I found the PB & Theologia. I posted my question at both & was amazed at the number of thoughtfull responses I recieved here.


----------



## Kevin (Jan 13, 2008)

That plus the promise of low cost viagra!


----------



## toddpedlar (Jan 13, 2008)

If I recall correctly, I was looking for something by Rutherford and stumbled onto the Puritan's Mind site - which led me here...


----------



## ReformedWretch (Jan 14, 2008)

I was a crazy dispensationalist that was banned from "Rapture Ready" for defending Lordship Salvation. I "Googled" Lordship salvation and the PB was one of the choices. I can honestly say this place helped change my life!


----------



## Ivan (Jan 14, 2008)

I don't remember exactly but I know I was searching for information on Calvinism. It was probably through APuritanMind.com. 

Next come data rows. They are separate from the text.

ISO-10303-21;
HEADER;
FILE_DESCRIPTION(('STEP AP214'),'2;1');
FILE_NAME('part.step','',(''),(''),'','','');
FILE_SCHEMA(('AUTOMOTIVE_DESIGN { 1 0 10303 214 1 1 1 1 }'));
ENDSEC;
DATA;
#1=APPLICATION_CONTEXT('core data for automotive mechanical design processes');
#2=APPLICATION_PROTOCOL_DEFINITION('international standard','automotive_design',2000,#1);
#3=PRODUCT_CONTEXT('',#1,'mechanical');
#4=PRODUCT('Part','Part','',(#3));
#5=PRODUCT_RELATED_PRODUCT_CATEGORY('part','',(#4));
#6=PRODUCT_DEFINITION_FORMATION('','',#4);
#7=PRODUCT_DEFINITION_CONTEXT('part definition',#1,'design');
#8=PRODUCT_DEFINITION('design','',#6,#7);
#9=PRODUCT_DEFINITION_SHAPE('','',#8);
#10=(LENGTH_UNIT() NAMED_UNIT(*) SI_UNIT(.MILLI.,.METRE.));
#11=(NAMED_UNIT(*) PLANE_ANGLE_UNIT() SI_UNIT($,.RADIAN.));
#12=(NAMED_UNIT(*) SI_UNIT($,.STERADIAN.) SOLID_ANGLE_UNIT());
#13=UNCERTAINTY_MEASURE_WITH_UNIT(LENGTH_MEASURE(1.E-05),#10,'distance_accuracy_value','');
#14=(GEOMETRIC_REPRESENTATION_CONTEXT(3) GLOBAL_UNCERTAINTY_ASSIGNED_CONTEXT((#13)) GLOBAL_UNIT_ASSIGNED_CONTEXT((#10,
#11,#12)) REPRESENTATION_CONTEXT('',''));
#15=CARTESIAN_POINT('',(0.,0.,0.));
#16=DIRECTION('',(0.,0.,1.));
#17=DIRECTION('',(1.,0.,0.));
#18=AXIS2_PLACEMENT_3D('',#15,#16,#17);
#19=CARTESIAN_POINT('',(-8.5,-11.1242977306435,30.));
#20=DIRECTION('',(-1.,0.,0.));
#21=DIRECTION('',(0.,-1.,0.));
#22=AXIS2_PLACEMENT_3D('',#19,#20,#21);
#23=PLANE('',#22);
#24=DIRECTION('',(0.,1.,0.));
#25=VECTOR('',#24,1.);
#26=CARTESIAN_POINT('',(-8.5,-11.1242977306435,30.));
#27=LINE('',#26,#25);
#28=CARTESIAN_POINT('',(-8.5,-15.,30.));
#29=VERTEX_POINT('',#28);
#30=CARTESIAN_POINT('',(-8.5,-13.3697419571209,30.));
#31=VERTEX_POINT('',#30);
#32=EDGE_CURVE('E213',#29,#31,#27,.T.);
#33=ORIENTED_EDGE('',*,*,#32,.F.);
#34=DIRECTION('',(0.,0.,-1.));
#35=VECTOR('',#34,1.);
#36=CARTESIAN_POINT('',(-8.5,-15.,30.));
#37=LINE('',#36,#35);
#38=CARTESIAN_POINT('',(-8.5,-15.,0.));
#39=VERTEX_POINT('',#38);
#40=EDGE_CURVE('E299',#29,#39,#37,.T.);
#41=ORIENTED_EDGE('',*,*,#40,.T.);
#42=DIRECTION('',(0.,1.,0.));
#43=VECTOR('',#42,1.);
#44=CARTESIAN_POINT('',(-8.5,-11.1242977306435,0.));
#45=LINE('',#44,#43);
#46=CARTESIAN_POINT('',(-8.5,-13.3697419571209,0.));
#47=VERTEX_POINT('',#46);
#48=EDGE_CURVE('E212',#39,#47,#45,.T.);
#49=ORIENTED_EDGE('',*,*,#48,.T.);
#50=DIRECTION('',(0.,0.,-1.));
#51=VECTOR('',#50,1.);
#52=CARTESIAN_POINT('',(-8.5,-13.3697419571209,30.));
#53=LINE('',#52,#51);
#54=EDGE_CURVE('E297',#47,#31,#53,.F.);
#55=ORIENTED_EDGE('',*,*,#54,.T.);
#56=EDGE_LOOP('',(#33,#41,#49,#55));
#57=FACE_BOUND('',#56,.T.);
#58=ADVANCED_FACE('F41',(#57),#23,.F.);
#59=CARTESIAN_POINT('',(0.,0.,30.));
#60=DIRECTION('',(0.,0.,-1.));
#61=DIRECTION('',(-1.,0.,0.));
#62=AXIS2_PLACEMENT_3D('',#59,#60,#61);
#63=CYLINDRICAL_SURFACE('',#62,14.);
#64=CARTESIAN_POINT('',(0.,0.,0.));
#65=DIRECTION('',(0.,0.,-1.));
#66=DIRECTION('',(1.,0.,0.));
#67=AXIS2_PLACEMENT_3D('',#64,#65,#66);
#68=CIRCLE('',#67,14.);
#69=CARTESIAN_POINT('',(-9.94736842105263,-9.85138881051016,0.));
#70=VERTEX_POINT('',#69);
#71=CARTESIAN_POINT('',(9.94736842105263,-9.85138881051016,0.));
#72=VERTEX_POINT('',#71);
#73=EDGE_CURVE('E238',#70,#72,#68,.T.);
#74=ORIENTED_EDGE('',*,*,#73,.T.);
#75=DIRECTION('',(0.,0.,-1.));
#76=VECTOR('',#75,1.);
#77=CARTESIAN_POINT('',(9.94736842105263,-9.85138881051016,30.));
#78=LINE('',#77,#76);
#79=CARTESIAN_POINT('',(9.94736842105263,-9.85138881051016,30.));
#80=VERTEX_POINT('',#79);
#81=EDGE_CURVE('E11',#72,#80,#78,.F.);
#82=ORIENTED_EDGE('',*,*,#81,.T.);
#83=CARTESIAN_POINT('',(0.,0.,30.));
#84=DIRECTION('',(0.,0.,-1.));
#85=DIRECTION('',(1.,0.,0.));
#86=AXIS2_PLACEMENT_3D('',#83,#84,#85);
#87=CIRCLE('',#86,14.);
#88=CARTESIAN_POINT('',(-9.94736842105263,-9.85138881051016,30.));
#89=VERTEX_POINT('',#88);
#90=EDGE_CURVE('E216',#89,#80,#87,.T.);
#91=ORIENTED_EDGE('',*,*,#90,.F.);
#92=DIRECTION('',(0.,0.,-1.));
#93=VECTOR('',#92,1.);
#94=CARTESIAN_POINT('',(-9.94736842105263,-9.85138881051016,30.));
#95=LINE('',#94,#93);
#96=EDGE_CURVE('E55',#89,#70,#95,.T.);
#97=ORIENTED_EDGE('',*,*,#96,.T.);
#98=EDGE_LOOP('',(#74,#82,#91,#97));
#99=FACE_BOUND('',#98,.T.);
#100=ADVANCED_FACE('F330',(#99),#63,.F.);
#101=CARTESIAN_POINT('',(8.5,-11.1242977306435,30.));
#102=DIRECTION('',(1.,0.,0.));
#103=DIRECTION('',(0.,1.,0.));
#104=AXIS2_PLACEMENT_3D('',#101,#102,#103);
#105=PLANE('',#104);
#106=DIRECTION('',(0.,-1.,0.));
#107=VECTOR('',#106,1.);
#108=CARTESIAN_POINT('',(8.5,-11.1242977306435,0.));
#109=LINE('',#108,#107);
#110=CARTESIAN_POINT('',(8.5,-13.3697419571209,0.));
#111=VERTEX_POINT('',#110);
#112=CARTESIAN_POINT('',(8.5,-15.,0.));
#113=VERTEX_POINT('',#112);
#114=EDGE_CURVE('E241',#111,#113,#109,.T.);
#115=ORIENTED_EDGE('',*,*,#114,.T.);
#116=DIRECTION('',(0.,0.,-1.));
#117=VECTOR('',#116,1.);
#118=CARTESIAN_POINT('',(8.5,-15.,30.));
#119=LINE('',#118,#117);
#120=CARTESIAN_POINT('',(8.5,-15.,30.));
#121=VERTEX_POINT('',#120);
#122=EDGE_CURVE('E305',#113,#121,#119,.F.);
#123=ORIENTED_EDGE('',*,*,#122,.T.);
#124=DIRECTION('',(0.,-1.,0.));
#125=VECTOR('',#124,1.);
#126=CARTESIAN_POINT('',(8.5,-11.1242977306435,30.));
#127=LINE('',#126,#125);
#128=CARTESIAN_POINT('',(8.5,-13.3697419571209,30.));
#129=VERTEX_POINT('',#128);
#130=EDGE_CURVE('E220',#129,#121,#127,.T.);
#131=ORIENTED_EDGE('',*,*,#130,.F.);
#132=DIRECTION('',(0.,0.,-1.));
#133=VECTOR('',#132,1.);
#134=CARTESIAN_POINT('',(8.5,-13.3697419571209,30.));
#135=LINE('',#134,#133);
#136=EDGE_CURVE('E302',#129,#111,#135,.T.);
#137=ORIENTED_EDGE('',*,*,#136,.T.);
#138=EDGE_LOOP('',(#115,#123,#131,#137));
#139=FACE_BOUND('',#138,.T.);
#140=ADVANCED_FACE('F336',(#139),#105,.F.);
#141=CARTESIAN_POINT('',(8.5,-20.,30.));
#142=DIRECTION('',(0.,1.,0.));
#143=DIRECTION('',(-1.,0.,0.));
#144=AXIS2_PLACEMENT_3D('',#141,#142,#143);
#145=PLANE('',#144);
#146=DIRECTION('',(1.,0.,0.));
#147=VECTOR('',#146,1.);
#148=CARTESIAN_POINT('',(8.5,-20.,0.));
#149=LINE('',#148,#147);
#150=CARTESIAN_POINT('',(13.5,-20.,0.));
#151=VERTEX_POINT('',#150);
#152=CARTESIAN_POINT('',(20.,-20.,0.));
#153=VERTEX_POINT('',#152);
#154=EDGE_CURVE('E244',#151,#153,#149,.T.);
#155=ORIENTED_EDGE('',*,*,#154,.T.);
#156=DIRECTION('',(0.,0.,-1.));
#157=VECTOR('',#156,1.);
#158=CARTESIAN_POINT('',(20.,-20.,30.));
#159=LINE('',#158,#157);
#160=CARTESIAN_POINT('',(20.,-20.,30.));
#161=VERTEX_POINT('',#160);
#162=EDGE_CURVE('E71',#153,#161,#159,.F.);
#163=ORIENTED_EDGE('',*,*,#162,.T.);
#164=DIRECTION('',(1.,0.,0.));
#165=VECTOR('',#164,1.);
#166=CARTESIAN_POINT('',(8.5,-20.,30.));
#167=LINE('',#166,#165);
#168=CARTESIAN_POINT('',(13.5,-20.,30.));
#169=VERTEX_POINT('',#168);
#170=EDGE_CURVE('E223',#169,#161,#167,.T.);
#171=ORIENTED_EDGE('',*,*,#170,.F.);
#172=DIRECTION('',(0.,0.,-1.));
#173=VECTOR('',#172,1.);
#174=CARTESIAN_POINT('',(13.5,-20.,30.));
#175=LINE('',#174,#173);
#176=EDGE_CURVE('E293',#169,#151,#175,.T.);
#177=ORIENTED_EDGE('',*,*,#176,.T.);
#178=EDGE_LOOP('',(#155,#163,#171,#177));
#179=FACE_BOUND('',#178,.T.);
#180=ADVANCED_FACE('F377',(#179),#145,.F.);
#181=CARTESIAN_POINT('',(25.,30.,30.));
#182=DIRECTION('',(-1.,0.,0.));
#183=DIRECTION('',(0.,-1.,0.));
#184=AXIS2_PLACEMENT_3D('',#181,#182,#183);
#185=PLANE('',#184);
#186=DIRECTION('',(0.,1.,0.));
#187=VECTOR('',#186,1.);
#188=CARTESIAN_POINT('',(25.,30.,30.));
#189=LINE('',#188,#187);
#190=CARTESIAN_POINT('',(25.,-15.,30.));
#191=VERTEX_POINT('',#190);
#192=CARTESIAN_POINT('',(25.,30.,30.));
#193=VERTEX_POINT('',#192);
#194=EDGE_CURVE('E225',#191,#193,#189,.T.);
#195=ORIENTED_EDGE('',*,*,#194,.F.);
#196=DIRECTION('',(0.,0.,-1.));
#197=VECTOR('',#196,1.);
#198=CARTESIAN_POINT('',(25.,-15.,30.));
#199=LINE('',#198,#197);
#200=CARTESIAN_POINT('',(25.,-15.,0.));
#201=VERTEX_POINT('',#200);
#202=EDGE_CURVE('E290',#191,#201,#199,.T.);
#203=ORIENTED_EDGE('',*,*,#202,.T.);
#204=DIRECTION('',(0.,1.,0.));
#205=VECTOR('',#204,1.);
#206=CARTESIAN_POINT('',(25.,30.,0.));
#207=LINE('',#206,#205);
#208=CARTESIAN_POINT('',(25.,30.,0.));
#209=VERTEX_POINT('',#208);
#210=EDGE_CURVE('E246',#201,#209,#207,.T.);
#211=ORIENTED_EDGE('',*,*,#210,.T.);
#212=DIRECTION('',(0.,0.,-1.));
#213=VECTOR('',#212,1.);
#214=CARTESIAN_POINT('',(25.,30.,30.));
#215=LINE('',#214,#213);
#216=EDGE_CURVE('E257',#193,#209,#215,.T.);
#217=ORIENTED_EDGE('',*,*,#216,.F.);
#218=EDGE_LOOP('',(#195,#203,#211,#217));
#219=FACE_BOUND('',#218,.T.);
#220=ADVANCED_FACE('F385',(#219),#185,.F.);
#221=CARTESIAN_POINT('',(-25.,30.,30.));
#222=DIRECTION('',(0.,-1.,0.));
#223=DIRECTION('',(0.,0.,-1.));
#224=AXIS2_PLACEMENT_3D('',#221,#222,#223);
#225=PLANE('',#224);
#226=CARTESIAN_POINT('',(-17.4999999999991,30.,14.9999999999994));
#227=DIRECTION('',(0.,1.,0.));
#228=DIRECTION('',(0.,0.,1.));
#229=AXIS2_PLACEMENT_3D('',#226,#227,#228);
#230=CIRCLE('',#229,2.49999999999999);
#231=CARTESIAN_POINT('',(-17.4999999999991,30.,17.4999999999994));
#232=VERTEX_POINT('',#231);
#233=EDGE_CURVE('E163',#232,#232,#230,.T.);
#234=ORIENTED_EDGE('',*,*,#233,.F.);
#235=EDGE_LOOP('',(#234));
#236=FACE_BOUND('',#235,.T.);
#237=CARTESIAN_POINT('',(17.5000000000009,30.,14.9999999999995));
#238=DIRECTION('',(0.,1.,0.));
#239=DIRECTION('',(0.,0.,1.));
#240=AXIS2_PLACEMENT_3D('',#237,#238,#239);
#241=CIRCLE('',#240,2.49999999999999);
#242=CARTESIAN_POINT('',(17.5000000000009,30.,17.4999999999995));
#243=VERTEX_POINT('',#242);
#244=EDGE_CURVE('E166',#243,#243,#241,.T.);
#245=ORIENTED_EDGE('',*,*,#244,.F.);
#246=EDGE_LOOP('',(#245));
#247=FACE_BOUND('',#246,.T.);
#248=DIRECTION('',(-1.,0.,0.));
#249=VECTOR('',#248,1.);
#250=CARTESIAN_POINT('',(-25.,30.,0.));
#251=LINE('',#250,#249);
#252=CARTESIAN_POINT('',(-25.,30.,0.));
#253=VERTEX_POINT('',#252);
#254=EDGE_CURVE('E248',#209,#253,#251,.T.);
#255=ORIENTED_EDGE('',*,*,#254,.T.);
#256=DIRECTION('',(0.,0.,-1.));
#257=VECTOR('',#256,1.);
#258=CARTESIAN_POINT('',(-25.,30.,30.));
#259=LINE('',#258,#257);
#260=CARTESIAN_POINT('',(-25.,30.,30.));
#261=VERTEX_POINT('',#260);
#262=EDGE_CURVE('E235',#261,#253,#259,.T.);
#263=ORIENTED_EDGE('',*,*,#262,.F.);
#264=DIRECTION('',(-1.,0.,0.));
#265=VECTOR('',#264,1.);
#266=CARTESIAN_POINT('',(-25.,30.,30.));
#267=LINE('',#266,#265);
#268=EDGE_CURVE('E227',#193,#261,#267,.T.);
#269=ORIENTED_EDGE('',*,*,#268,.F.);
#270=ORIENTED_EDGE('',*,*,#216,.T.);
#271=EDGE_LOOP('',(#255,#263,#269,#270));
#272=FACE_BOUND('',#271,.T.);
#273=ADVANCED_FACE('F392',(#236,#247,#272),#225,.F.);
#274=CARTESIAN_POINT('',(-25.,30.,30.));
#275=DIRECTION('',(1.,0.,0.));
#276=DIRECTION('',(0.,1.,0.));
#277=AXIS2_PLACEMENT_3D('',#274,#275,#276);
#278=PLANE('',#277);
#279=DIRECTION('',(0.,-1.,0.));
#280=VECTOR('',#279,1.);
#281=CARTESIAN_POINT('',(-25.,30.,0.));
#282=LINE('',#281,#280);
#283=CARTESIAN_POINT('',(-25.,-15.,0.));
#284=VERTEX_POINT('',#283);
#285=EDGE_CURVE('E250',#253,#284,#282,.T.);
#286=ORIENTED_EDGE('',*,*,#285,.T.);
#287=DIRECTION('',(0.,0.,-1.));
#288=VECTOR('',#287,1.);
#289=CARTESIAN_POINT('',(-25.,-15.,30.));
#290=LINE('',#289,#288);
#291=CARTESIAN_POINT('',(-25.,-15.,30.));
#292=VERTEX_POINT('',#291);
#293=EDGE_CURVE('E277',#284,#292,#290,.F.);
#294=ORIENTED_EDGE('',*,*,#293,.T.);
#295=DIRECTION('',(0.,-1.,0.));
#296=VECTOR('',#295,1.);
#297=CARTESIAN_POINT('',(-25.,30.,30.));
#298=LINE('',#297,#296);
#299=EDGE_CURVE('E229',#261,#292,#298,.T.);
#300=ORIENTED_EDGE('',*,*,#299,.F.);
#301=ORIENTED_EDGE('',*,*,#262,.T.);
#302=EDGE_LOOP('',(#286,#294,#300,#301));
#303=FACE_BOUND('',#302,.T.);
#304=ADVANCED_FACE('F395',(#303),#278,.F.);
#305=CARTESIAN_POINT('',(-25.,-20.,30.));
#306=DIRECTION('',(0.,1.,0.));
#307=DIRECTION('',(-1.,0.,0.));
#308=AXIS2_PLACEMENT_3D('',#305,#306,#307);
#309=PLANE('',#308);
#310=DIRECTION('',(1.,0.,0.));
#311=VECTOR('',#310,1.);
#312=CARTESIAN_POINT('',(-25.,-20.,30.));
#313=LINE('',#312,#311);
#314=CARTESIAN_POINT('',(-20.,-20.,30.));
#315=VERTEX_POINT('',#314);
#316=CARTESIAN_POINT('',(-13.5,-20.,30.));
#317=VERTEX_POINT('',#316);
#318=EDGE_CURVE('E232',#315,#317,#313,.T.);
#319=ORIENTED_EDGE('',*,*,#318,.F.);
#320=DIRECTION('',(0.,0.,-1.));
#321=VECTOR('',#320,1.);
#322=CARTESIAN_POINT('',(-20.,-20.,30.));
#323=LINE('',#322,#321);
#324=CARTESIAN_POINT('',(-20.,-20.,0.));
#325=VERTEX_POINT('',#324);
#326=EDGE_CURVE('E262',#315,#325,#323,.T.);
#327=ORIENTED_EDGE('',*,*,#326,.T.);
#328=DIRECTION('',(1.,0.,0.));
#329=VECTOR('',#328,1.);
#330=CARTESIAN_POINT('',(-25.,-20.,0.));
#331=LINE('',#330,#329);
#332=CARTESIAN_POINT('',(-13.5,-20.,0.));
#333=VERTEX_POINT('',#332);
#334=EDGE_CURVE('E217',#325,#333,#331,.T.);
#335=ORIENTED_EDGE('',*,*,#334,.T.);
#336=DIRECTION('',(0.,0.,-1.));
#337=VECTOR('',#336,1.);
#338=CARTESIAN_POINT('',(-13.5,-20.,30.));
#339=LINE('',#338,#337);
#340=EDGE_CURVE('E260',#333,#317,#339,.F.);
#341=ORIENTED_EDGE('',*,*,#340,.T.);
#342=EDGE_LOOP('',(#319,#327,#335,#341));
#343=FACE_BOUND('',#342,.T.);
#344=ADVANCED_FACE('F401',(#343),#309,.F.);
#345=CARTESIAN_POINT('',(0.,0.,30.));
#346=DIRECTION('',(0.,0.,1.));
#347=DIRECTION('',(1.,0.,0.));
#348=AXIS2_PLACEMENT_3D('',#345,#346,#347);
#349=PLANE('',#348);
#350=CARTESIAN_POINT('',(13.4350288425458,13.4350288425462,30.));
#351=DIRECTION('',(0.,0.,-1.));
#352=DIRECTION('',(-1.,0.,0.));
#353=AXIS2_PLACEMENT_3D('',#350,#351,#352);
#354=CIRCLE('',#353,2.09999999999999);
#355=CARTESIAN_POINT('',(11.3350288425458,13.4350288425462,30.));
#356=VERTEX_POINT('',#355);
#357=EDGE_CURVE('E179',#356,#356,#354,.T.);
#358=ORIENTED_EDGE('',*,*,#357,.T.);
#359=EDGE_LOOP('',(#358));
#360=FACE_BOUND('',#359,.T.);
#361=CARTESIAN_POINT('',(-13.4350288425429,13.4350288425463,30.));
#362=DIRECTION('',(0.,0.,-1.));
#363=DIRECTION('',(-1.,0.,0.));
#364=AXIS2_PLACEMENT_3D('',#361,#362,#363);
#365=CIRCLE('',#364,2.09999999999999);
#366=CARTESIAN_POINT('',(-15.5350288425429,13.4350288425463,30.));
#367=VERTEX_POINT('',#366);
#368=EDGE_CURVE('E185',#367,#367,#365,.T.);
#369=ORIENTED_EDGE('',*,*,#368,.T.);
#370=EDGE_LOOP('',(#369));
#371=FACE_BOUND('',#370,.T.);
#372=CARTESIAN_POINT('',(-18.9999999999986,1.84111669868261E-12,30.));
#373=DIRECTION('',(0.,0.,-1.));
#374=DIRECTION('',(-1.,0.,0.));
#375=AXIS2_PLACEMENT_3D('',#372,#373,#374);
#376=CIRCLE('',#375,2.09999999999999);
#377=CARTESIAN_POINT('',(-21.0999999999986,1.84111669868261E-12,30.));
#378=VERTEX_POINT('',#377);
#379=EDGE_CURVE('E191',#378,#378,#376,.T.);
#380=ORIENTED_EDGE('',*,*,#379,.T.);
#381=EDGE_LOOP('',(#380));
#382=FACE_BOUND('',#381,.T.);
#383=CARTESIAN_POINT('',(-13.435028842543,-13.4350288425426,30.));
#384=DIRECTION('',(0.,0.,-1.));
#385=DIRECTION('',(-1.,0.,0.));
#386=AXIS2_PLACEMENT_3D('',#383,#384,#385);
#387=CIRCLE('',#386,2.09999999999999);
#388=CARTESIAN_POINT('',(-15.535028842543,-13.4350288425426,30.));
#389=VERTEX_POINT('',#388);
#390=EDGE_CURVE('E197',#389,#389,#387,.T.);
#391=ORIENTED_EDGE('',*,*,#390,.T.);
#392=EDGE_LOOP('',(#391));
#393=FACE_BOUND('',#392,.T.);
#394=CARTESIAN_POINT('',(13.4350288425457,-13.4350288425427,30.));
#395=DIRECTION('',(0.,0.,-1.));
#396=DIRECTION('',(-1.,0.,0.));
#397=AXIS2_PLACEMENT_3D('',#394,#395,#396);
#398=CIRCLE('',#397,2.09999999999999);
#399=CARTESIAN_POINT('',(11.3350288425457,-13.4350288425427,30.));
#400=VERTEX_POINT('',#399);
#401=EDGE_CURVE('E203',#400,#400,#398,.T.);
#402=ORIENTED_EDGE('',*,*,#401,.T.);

I do know this: PB has been a blessing to me. Praise God!


----------



## MeanieCalvinist (Jan 14, 2008)

I was discussing the Doctrines of Grace on bible.org and someone in the discussion directed me to Puritan Board. I believe his name was Greg!


----------



## ~~Susita~~ (Jan 14, 2008)

I was throwing out fire 'n' brimstone and fighting tooth and nail about the Doctrines of Grace on hannity.com when Bladestunner decided to join. After seeing my posts and that I was only one of 2 Calvinists (the other started researching it and eventually became one when I sent him Chris Blum's article on TULIP with all the Scriptures for each point. So see, Chris?! It has done a lot of good!) he told me about the board. When I saw it, along with all the forums, I was way excited at how thorough a board this is. 
I think I even did a little dance.  But yeah, you folks have been a real blessing.


----------



## jaybird0827 (Jan 14, 2008)

Other ...

I used to participate on two other message boards that will go unnamed. Somehow either through a direct link or a search, I happened upon the PB.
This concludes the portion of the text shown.